• **TRY IT**:
Once the line containing "#187=DIRECTION('',(0.5,0.,-0.866025403784439));" is found in the entries below, restate it and each following line word for word, stopping after the line containing "#213=ORIENTED_EDGE('',*,*,#212,.F.);".

Collection entries:
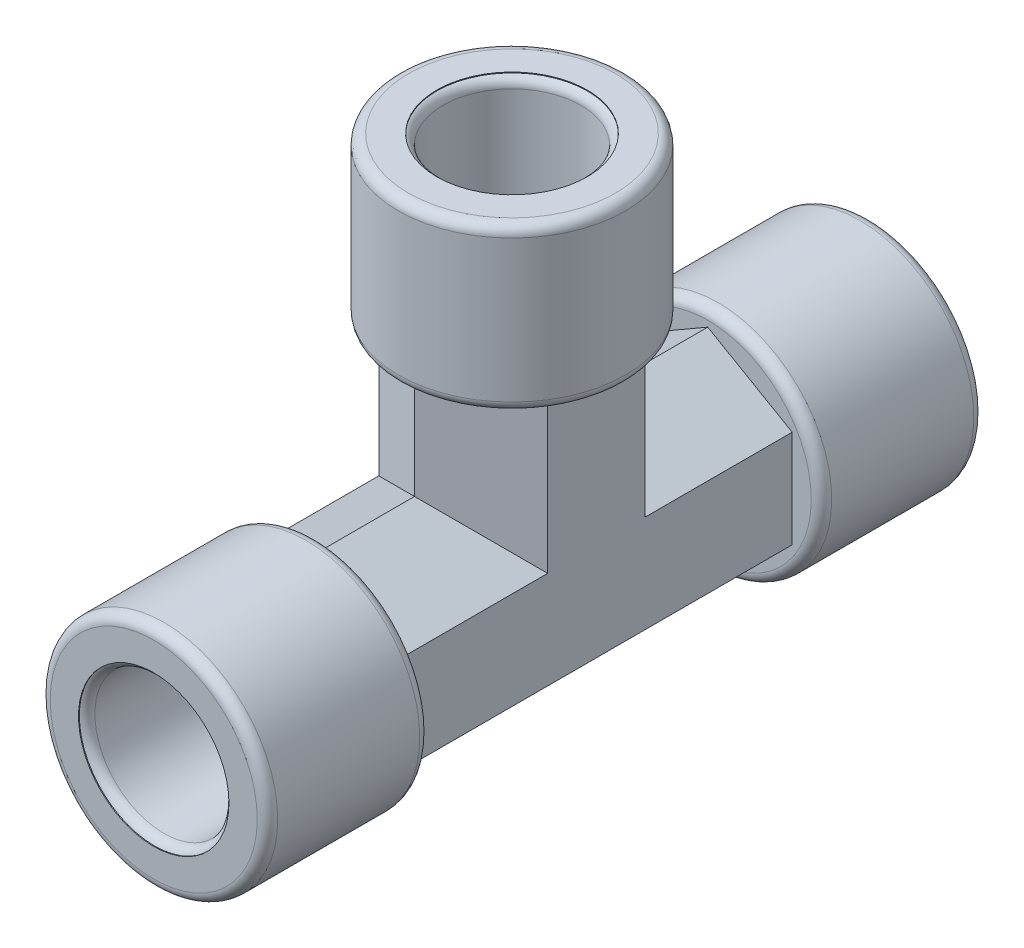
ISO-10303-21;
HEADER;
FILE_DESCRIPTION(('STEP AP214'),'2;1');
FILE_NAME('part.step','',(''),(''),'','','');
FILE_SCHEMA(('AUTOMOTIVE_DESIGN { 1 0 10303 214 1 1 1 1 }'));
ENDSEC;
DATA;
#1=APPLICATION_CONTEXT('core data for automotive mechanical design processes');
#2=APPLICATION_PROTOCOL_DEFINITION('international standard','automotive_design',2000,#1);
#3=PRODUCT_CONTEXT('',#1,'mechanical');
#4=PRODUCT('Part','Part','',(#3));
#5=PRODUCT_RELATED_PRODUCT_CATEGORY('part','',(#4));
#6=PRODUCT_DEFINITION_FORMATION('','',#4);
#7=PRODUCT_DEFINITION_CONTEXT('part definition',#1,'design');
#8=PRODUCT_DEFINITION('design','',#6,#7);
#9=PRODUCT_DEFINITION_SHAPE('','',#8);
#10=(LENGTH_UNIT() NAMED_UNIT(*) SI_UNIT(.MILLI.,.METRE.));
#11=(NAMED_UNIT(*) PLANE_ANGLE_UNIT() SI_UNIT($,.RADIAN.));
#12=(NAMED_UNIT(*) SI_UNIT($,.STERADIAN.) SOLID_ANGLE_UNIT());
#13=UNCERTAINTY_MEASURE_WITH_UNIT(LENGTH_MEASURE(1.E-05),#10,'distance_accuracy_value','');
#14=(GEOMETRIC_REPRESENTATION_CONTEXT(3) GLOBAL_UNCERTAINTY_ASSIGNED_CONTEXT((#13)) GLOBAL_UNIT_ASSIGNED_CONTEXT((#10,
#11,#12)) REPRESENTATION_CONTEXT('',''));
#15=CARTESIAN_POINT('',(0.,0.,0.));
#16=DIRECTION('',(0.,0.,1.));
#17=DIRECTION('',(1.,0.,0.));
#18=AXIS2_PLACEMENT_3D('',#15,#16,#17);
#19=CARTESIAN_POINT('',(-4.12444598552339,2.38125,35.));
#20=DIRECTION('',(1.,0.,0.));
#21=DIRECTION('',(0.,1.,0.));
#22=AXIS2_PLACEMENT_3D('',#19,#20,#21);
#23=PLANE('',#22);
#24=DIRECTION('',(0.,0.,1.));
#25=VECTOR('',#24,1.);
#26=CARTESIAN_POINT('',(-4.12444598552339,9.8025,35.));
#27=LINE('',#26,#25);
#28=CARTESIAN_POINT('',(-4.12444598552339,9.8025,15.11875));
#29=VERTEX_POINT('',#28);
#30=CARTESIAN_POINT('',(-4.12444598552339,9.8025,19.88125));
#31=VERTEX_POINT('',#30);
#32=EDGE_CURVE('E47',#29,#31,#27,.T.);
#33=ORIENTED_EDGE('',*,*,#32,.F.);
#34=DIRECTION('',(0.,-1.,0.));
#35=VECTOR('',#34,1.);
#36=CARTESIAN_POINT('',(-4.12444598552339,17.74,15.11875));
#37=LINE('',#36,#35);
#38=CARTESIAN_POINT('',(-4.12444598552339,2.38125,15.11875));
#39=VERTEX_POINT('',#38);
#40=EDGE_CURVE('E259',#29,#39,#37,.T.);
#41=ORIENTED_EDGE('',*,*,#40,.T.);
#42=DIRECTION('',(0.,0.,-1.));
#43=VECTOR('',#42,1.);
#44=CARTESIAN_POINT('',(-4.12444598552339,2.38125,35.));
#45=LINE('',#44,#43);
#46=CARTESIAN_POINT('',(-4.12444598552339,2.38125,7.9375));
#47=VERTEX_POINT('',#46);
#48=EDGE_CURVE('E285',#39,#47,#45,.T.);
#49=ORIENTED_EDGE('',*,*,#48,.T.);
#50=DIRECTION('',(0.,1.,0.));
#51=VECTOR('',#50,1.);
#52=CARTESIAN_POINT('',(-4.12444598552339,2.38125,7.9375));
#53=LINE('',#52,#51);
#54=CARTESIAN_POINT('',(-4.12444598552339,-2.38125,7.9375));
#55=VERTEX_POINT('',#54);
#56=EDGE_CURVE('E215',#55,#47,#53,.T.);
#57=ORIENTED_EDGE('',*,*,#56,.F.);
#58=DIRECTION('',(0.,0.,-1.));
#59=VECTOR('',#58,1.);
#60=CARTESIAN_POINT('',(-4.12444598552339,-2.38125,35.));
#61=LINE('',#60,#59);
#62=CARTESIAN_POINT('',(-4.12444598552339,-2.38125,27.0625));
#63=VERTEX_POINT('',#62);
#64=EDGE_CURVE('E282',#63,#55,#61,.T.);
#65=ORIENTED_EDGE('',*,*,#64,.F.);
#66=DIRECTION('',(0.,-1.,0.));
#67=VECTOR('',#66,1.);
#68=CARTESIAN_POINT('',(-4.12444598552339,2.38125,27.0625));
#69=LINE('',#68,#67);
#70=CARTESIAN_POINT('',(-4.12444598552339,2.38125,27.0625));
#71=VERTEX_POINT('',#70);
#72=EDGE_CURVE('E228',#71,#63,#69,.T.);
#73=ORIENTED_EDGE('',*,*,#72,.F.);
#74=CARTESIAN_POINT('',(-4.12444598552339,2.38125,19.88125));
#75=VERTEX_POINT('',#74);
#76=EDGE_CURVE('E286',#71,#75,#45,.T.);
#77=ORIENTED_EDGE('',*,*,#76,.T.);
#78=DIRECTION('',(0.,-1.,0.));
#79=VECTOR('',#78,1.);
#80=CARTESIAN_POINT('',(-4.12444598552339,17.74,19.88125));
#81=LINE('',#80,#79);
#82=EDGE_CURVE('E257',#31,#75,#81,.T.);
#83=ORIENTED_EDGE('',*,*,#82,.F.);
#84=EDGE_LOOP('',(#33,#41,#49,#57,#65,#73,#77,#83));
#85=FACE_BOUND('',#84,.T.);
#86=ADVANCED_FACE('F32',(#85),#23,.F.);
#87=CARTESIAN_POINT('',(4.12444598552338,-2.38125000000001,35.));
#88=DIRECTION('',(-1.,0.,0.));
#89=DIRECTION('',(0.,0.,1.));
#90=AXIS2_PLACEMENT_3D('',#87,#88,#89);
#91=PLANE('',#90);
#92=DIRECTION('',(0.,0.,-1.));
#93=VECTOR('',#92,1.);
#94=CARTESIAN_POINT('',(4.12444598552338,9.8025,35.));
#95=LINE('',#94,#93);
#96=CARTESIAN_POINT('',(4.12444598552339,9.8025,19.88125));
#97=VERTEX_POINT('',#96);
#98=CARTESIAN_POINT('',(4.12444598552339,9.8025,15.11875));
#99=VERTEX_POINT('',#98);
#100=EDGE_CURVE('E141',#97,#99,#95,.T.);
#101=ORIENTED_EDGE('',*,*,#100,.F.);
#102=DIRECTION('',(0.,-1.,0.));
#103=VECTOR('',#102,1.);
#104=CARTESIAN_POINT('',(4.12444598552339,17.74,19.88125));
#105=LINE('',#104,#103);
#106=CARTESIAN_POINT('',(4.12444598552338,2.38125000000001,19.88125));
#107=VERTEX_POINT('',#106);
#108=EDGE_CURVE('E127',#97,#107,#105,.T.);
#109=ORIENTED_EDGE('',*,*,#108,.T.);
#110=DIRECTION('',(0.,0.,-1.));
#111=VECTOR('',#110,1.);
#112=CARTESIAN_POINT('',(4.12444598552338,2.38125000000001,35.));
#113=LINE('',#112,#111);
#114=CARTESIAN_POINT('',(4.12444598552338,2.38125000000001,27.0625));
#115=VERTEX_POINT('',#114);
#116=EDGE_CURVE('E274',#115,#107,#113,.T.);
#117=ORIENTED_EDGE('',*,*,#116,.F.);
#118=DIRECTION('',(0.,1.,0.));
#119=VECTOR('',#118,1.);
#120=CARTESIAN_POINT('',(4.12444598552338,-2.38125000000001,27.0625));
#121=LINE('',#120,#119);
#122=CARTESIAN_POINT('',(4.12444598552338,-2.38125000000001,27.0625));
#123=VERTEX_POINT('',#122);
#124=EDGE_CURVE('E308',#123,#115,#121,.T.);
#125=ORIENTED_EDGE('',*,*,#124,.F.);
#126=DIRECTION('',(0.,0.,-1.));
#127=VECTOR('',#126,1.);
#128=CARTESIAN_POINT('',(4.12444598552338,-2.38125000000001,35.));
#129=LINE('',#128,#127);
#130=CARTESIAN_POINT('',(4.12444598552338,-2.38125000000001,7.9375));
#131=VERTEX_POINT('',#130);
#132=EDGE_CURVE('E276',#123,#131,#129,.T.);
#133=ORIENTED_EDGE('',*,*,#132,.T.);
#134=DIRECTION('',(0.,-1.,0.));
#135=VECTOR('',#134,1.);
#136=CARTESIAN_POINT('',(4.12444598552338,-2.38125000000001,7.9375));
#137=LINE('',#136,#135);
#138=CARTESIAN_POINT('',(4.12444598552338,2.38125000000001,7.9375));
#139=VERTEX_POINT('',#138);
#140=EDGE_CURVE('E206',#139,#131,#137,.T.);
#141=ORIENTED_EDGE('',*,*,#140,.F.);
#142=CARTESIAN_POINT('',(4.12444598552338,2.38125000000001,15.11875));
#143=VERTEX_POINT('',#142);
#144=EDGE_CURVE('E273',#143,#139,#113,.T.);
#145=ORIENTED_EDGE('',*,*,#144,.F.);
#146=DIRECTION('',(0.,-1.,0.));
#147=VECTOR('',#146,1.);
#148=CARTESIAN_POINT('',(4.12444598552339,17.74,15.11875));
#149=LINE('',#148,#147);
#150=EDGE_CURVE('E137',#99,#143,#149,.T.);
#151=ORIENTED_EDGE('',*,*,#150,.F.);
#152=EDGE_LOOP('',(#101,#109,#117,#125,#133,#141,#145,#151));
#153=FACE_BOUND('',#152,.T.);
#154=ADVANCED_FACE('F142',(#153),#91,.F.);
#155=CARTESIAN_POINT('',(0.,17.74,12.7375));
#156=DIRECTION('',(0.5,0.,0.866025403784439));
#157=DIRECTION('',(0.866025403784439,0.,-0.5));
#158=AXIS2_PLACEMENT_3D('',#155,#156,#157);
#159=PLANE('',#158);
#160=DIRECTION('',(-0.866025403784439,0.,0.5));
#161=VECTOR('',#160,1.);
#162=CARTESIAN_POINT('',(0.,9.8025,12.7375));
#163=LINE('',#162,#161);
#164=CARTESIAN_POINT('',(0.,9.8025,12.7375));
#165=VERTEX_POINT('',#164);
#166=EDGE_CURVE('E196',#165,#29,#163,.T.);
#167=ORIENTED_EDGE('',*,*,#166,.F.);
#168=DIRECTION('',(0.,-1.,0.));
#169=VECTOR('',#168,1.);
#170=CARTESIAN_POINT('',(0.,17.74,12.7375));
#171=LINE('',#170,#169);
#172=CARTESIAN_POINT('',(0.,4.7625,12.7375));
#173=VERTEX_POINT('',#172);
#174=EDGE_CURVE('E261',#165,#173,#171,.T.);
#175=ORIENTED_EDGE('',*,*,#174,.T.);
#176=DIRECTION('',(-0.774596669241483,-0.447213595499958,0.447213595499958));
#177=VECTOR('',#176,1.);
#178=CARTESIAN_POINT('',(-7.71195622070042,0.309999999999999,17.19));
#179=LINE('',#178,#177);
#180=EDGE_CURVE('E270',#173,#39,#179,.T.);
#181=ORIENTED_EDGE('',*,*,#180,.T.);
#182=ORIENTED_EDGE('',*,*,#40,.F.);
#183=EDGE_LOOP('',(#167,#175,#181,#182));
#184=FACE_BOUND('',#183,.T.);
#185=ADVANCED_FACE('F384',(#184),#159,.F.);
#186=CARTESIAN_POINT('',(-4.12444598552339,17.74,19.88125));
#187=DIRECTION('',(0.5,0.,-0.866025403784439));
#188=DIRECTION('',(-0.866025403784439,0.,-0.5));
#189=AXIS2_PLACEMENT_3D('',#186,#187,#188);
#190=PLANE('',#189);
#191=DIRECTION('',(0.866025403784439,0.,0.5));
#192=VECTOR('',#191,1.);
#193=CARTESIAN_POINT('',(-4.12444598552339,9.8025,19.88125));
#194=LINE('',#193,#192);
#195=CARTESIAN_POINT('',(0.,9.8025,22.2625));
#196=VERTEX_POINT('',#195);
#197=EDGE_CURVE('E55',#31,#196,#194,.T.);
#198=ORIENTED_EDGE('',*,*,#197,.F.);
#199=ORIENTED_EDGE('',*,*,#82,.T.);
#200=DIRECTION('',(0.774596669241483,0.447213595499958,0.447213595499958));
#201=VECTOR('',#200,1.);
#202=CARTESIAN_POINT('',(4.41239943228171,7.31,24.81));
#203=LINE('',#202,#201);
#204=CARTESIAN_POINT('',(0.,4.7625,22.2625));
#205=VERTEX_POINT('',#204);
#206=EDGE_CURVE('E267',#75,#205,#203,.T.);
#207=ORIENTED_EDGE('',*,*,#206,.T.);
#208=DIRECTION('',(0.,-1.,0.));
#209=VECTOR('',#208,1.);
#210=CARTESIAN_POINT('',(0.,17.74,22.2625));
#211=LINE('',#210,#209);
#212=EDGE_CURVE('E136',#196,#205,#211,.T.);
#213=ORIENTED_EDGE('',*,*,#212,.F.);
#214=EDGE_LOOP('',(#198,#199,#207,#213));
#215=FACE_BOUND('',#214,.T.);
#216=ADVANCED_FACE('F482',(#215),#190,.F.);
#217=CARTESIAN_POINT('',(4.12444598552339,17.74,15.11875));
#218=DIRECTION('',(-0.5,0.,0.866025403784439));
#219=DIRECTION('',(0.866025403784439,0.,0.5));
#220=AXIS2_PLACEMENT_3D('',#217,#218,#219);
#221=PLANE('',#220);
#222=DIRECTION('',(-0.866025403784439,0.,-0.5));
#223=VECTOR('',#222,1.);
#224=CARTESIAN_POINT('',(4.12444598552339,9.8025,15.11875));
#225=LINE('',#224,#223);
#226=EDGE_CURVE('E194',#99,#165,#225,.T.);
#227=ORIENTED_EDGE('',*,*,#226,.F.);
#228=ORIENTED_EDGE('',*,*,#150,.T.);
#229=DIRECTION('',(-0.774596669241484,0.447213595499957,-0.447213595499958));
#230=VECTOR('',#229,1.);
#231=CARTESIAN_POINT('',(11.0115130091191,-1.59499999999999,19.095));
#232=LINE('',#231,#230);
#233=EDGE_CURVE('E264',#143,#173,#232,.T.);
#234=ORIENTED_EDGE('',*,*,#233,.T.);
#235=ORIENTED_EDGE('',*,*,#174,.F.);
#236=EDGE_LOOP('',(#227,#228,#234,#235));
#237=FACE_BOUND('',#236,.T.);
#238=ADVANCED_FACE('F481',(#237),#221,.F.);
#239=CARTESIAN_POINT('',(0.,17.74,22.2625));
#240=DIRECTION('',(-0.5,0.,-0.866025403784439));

• **REPLY**:
#187=DIRECTION('',(0.5,0.,-0.866025403784439));
#188=DIRECTION('',(-0.866025403784439,0.,-0.5));
#189=AXIS2_PLACEMENT_3D('',#186,#187,#188);
#190=PLANE('',#189);
#191=DIRECTION('',(0.866025403784439,0.,0.5));
#192=VECTOR('',#191,1.);
#193=CARTESIAN_POINT('',(-4.12444598552339,9.8025,19.88125));
#194=LINE('',#193,#192);
#195=CARTESIAN_POINT('',(0.,9.8025,22.2625));
#196=VERTEX_POINT('',#195);
#197=EDGE_CURVE('E55',#31,#196,#194,.T.);
#198=ORIENTED_EDGE('',*,*,#197,.F.);
#199=ORIENTED_EDGE('',*,*,#82,.T.);
#200=DIRECTION('',(0.774596669241483,0.447213595499958,0.447213595499958));
#201=VECTOR('',#200,1.);
#202=CARTESIAN_POINT('',(4.41239943228171,7.31,24.81));
#203=LINE('',#202,#201);
#204=CARTESIAN_POINT('',(0.,4.7625,22.2625));
#205=VERTEX_POINT('',#204);
#206=EDGE_CURVE('E267',#75,#205,#203,.T.);
#207=ORIENTED_EDGE('',*,*,#206,.T.);
#208=DIRECTION('',(0.,-1.,0.));
#209=VECTOR('',#208,1.);
#210=CARTESIAN_POINT('',(0.,17.74,22.2625));
#211=LINE('',#210,#209);
#212=EDGE_CURVE('E136',#196,#205,#211,.T.);
#213=ORIENTED_EDGE('',*,*,#212,.F.);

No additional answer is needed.